Records from a dataset
----------

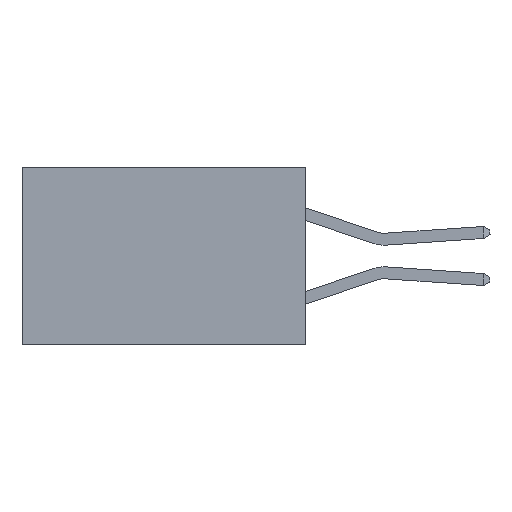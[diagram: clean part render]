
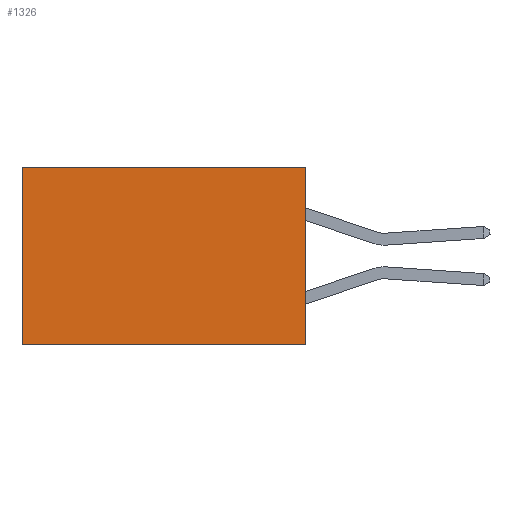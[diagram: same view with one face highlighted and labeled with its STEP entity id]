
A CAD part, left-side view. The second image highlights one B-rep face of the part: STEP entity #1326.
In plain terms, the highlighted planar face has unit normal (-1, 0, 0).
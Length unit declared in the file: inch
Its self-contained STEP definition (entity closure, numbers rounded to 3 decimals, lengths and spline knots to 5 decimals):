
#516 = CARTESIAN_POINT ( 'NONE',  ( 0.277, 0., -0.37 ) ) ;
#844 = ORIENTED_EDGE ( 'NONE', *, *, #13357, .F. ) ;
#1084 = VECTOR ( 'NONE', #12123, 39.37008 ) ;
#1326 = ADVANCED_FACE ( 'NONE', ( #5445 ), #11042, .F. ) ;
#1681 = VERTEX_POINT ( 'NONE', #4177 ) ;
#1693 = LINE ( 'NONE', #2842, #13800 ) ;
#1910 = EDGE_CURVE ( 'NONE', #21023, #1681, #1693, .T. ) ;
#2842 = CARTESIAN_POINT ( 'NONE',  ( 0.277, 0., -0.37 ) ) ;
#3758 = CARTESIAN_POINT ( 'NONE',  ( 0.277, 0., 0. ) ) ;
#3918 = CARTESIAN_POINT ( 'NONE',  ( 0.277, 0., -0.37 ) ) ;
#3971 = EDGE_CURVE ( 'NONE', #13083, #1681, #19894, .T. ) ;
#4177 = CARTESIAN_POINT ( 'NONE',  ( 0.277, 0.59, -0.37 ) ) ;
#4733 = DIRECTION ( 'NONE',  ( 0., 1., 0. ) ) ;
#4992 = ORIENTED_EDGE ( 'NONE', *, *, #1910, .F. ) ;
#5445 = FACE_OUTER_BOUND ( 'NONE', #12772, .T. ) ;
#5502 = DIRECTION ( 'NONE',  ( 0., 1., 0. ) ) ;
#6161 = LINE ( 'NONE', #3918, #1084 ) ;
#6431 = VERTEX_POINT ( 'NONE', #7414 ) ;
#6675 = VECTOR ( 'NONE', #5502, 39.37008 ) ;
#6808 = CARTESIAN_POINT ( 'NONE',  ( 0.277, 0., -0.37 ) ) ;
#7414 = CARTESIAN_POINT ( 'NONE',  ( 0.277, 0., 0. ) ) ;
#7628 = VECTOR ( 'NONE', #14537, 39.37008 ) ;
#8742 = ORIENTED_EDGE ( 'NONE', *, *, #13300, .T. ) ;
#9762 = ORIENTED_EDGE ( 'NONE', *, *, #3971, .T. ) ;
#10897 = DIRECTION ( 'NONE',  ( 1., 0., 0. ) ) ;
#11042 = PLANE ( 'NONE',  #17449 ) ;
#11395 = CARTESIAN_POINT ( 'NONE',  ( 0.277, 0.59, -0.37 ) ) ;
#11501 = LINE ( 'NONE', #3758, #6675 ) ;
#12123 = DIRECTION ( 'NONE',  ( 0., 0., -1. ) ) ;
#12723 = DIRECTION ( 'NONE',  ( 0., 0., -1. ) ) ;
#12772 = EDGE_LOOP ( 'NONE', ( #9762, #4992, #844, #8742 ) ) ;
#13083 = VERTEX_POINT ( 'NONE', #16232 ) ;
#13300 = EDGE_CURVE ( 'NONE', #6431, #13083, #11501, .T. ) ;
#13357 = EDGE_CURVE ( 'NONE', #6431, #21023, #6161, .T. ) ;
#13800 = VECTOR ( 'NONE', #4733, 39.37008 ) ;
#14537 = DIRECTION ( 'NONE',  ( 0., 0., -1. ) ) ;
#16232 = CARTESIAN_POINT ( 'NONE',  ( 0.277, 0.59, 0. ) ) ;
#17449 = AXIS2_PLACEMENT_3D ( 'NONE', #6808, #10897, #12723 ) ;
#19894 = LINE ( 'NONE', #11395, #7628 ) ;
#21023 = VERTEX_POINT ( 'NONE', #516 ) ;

----------

Could you return exactly the stretch of the data above that starts at the line with "#9762 = ORIENTED_EDGE" and ends at the line with "#16232 = CARTESIAN_POINT", both lines included?

#9762 = ORIENTED_EDGE ( 'NONE', *, *, #3971, .T. ) ;
#10897 = DIRECTION ( 'NONE',  ( 1., 0., 0. ) ) ;
#11042 = PLANE ( 'NONE',  #17449 ) ;
#11395 = CARTESIAN_POINT ( 'NONE',  ( 0.277, 0.59, -0.37 ) ) ;
#11501 = LINE ( 'NONE', #3758, #6675 ) ;
#12123 = DIRECTION ( 'NONE',  ( 0., 0., -1. ) ) ;
#12723 = DIRECTION ( 'NONE',  ( 0., 0., -1. ) ) ;
#12772 = EDGE_LOOP ( 'NONE', ( #9762, #4992, #844, #8742 ) ) ;
#13083 = VERTEX_POINT ( 'NONE', #16232 ) ;
#13300 = EDGE_CURVE ( 'NONE', #6431, #13083, #11501, .T. ) ;
#13357 = EDGE_CURVE ( 'NONE', #6431, #21023, #6161, .T. ) ;
#13800 = VECTOR ( 'NONE', #4733, 39.37008 ) ;
#14537 = DIRECTION ( 'NONE',  ( 0., 0., -1. ) ) ;
#16232 = CARTESIAN_POINT ( 'NONE',  ( 0.277, 0.59, 0. ) ) ;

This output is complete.